The design specifications of Sapiens are detailed in the following table. Following a specific approach, Sapiens prioritizes scaling models by width rather than depth. Notably, the Sapiens-0.3B model, while architecturally similar to the traditional ViT-Large, consists of twentyfold more FLOPs due to its higher resolution.

Sapiens is fine-tuned for face, body, feet, and hand (K = 308) pose estimation using high-fidelity annotations. For training, Sapiens uses the train set with 1M images, and for evaluation, it uses the test set, named Humans5K, with 5K images. The evaluation follows a top-down approach, where Sapiens uses an off-the-shelf detector for bounding boxes and conducts single human pose inference. Table 3 shows a comparison of Sapiens models with existing methods for whole-body pose estimation. All methods are evaluated on 114 common key points between Sapiens’ 308 key point vocabulary and the 133 key point vocabulary from COCO-WholeBody. Sapiens-0.6B surpasses the current state-of-the-art, DWPose-l, by +2.8 AP. Unlike DWPose, which utilizes a complex student-teacher framework with feature distillation tailored for the task, Sapiens adopts a general encoder-decoder architecture with large human-centric pretraining.

Interestingly, even with the same parameter count, Sapiens models demonstrate superior performance compared to their counterparts. For instance, Sapiens-0.3B exceeds VitPose+-L by +5.6 AP, and Sapiens-0.6B outperforms VitPose+-H by +7.9 AP. Within the Sapiens family, results indicate a direct correlation between model size and performance. Sapiens-2B sets a new state-of-the-art with 61.1 AP, a significant improvement of +7.6 AP over the prior art. Despite fine-tuning with annotations from an indoor capture studio, Sapiens demonstrates robust generalization to real-world scenarios, as shown in the following figure.

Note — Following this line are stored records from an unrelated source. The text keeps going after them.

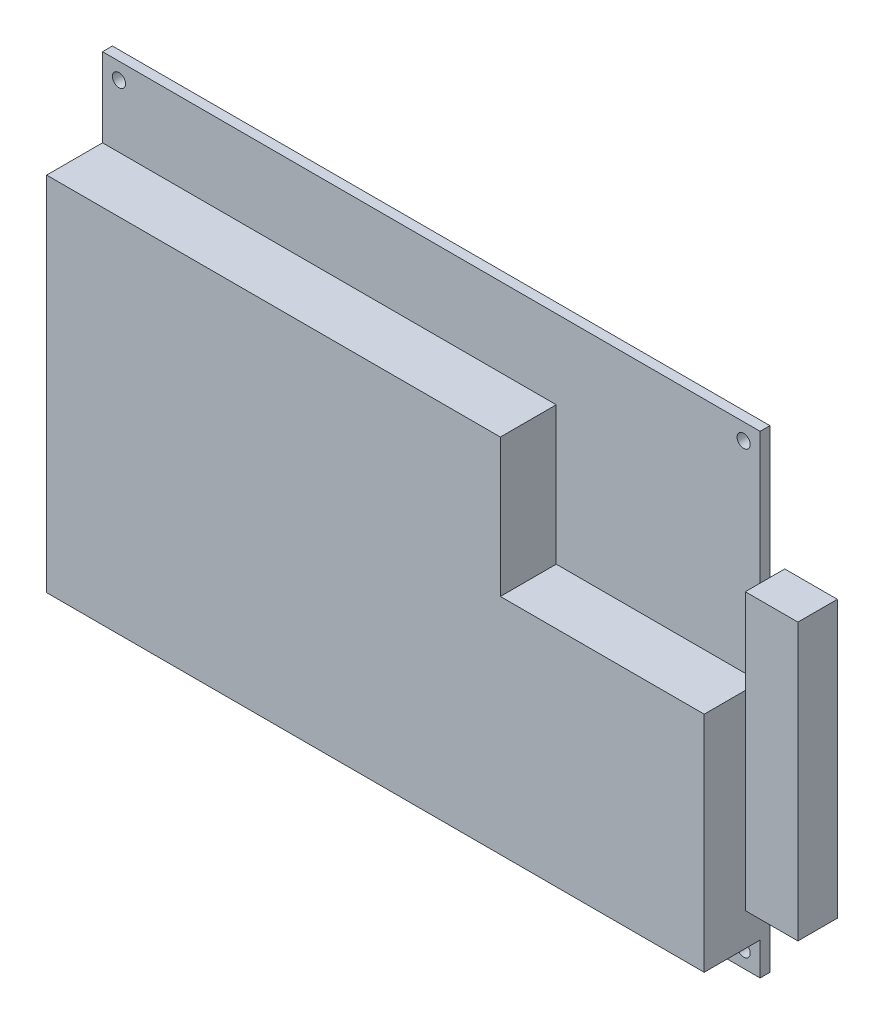
ISO-10303-21;
HEADER;
FILE_DESCRIPTION(('STEP AP214'),'2;1');
FILE_NAME('part.step','',(''),(''),'','','');
FILE_SCHEMA(('AUTOMOTIVE_DESIGN { 1 0 10303 214 1 1 1 1 }'));
ENDSEC;
DATA;
#1=APPLICATION_CONTEXT('core data for automotive mechanical design processes');
#2=APPLICATION_PROTOCOL_DEFINITION('international standard','automotive_design',2000,#1);
#3=PRODUCT_CONTEXT('',#1,'mechanical');
#4=PRODUCT('Part','Part','',(#3));
#5=PRODUCT_RELATED_PRODUCT_CATEGORY('part','',(#4));
#6=PRODUCT_DEFINITION_FORMATION('','',#4);
#7=PRODUCT_DEFINITION_CONTEXT('part definition',#1,'design');
#8=PRODUCT_DEFINITION('design','',#6,#7);
#9=PRODUCT_DEFINITION_SHAPE('','',#8);
#10=(LENGTH_UNIT() NAMED_UNIT(*) SI_UNIT(.MILLI.,.METRE.));
#11=(NAMED_UNIT(*) PLANE_ANGLE_UNIT() SI_UNIT($,.RADIAN.));
#12=(NAMED_UNIT(*) SI_UNIT($,.STERADIAN.) SOLID_ANGLE_UNIT());
#13=UNCERTAINTY_MEASURE_WITH_UNIT(LENGTH_MEASURE(1.E-05),#10,'distance_accuracy_value','');
#14=(GEOMETRIC_REPRESENTATION_CONTEXT(3) GLOBAL_UNCERTAINTY_ASSIGNED_CONTEXT((#13)) GLOBAL_UNIT_ASSIGNED_CONTEXT((#10,
#11,#12)) REPRESENTATION_CONTEXT('',''));
#15=CARTESIAN_POINT('',(0.,0.,0.));
#16=DIRECTION('',(0.,0.,1.));
#17=DIRECTION('',(1.,0.,0.));
#18=AXIS2_PLACEMENT_3D('',#15,#16,#17);
#19=CARTESIAN_POINT('',(100.,72.,1.5));
#20=DIRECTION('',(-1.,0.,0.));
#21=DIRECTION('',(0.,-1.,0.));
#22=AXIS2_PLACEMENT_3D('',#19,#20,#21);
#23=PLANE('',#22);
#24=DIRECTION('',(0.,0.,1.));
#25=VECTOR('',#24,1.);
#26=CARTESIAN_POINT('',(100.,52.,3.75));
#27=LINE('',#26,#25);
#28=CARTESIAN_POINT('',(100.,52.,0.));
#29=VERTEX_POINT('',#28);
#30=CARTESIAN_POINT('',(100.,52.,1.5));
#31=VERTEX_POINT('',#30);
#32=EDGE_CURVE('E11',#29,#31,#27,.T.);
#33=ORIENTED_EDGE('',*,*,#32,.F.);
#34=DIRECTION('',(0.,1.,0.));
#35=VECTOR('',#34,1.);
#36=CARTESIAN_POINT('',(100.,72.,0.));
#37=LINE('',#36,#35);
#38=CARTESIAN_POINT('',(100.,72.,0.));
#39=VERTEX_POINT('',#38);
#40=EDGE_CURVE('E239',#29,#39,#37,.T.);
#41=ORIENTED_EDGE('',*,*,#40,.T.);
#42=DIRECTION('',(0.,0.,-1.));
#43=VECTOR('',#42,1.);
#44=CARTESIAN_POINT('',(100.,72.,1.5));
#45=LINE('',#44,#43);
#46=CARTESIAN_POINT('',(100.,72.,1.5));
#47=VERTEX_POINT('',#46);
#48=EDGE_CURVE('E36',#47,#39,#45,.T.);
#49=ORIENTED_EDGE('',*,*,#48,.F.);
#50=DIRECTION('',(0.,1.,0.));
#51=VECTOR('',#50,1.);
#52=CARTESIAN_POINT('',(100.,72.,1.5));
#53=LINE('',#52,#51);
#54=EDGE_CURVE('E246',#31,#47,#53,.T.);
#55=ORIENTED_EDGE('',*,*,#54,.F.);
#56=EDGE_LOOP('',(#33,#41,#49,#55));
#57=FACE_BOUND('',#56,.T.);
#58=ADVANCED_FACE('F33',(#57),#23,.F.);
#59=DIRECTION('',(0.,-1.,0.));
#60=VECTOR('',#59,1.);
#61=CARTESIAN_POINT('',(100.,52.,3.75));
#62=LINE('',#61,#60);
#63=CARTESIAN_POINT('',(100.,39.,3.75));
#64=VERTEX_POINT('',#63);
#65=CARTESIAN_POINT('',(100.,9.99999999999998,3.75));
#66=VERTEX_POINT('',#65);
#67=EDGE_CURVE('E41',#64,#66,#62,.T.);
#68=ORIENTED_EDGE('',*,*,#67,.F.);
#69=DIRECTION('',(0.,0.,-1.));
#70=VECTOR('',#69,1.);
#71=CARTESIAN_POINT('',(100.,39.,10.));
#72=LINE('',#71,#70);
#73=CARTESIAN_POINT('',(100.,39.,10.));
#74=VERTEX_POINT('',#73);
#75=EDGE_CURVE('E209',#74,#64,#72,.T.);
#76=ORIENTED_EDGE('',*,*,#75,.F.);
#77=DIRECTION('',(0.,1.,0.));
#78=VECTOR('',#77,1.);
#79=CARTESIAN_POINT('',(100.,39.,10.));
#80=LINE('',#79,#78);
#81=CARTESIAN_POINT('',(100.,4.99999999999998,10.));
#82=VERTEX_POINT('',#81);
#83=EDGE_CURVE('E184',#82,#74,#80,.T.);
#84=ORIENTED_EDGE('',*,*,#83,.F.);
#85=DIRECTION('',(0.,0.,-1.));
#86=VECTOR('',#85,1.);
#87=CARTESIAN_POINT('',(100.,4.99999999999998,10.));
#88=LINE('',#87,#86);
#89=CARTESIAN_POINT('',(100.,4.99999999999998,1.5));
#90=VERTEX_POINT('',#89);
#91=EDGE_CURVE('E211',#82,#90,#88,.T.);
#92=ORIENTED_EDGE('',*,*,#91,.T.);
#93=CARTESIAN_POINT('',(100.,0.,1.5));
#94=VERTEX_POINT('',#93);
#95=EDGE_CURVE('E242',#94,#90,#53,.T.);
#96=ORIENTED_EDGE('',*,*,#95,.F.);
#97=DIRECTION('',(0.,0.,-1.));
#98=VECTOR('',#97,1.);
#99=CARTESIAN_POINT('',(100.,0.,1.5));
#100=LINE('',#99,#98);
#101=CARTESIAN_POINT('',(100.,0.,0.));
#102=VERTEX_POINT('',#101);
#103=EDGE_CURVE('E253',#94,#102,#100,.T.);
#104=ORIENTED_EDGE('',*,*,#103,.T.);
#105=CARTESIAN_POINT('',(100.,9.99999999999998,0.));
#106=VERTEX_POINT('',#105);
#107=EDGE_CURVE('E254',#102,#106,#37,.T.);
#108=ORIENTED_EDGE('',*,*,#107,.T.);
#109=DIRECTION('',(0.,0.,-1.));
#110=VECTOR('',#109,1.);
#111=CARTESIAN_POINT('',(100.,9.99999999999998,3.75));
#112=LINE('',#111,#110);
#113=EDGE_CURVE('E51',#66,#106,#112,.T.);
#114=ORIENTED_EDGE('',*,*,#113,.F.);
#115=EDGE_LOOP('',(#68,#76,#84,#92,#96,#104,#108,#114));
#116=FACE_BOUND('',#115,.T.);
#117=ADVANCED_FACE('F342',(#116),#23,.F.);
#118=CARTESIAN_POINT('',(0.,0.,1.5));
#119=DIRECTION('',(0.,0.,-1.));
#120=DIRECTION('',(-1.,0.,0.));
#121=AXIS2_PLACEMENT_3D('',#118,#119,#120);
#122=PLANE('',#121);
#123=CARTESIAN_POINT('',(97.5,69.5,1.5));
#124=DIRECTION('',(0.,0.,1.));
#125=DIRECTION('',(1.,0.,0.));
#126=AXIS2_PLACEMENT_3D('',#123,#124,#125);
#127=CIRCLE('',#126,0.999999999999998);
#128=CARTESIAN_POINT('',(98.5,69.5,1.5));
#129=VERTEX_POINT('',#128);
#130=EDGE_CURVE('E224',#129,#129,#127,.T.);
#131=ORIENTED_EDGE('',*,*,#130,.F.);
#132=EDGE_LOOP('',(#131));
#133=FACE_BOUND('',#132,.T.);
#134=CARTESIAN_POINT('',(2.5,69.5,1.5));
#135=DIRECTION('',(0.,0.,1.));
#136=DIRECTION('',(1.,0.,0.));
#137=AXIS2_PLACEMENT_3D('',#134,#135,#136);
#138=CIRCLE('',#137,1.);
#139=CARTESIAN_POINT('',(3.5,69.5,1.5));
#140=VERTEX_POINT('',#139);
#141=EDGE_CURVE('E230',#140,#140,#138,.T.);
#142=ORIENTED_EDGE('',*,*,#141,.F.);
#143=EDGE_LOOP('',(#142));
#144=FACE_BOUND('',#143,.T.);
#145=DIRECTION('',(-1.,0.,0.));
#146=VECTOR('',#145,1.);
#147=CARTESIAN_POINT('',(0.,60.,1.5));
#148=LINE('',#147,#146);
#149=CARTESIAN_POINT('',(69.,60.,1.5));
#150=VERTEX_POINT('',#149);
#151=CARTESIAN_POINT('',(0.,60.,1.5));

Sapiens is fine-tuned and evaluated using a segmentation vocabulary of 28 classes. The train set consists of 100K images, while the test set, Humans-2K, consists of 2K images. Sapiens is compared with existing body-part segmentation methods fine-tuned on the same train set, using the suggested pretrained checkpoints by each method as initialization. Similar to pose estimation, Sapiens shows generalization in segmentation, as demonstrated in the following table.

Interestingly, the smallest model, Sapiens-0.3B, outperforms existing state-of-the-art segmentation methods like Mask2Former and DeepLabV3+ by 12.6 mIoU due to its higher resolution and large human-centric pretraining. Furthermore, increasing the model size further improves segmentation performance. Sapiens-2B achieves the best performance, with 81.2 mIoU and 89.4 mAcc on the test set, in the following figure shows the qualitative results of Sapiens models.

Conclusion

Sapiens represents a significant step toward advancing human-centric vision models into the realm of foundation models. Sapiens models demonstrate strong generalization capabilities across a variety of human-centric tasks. The state-of-the-art performance is attributed to: (i) large-scale pretraining on a curated dataset specifically tailored to understanding humans, (ii) scaled high-resolution and high-capacity vision transformer backbones, and (iii) high-quality annotations on augmented studio and synthetic data. Sapiens models have the potential to become a key building block for a multitude of downstream tasks and provide access to high-quality vision backbones to a significantly wider part of the community.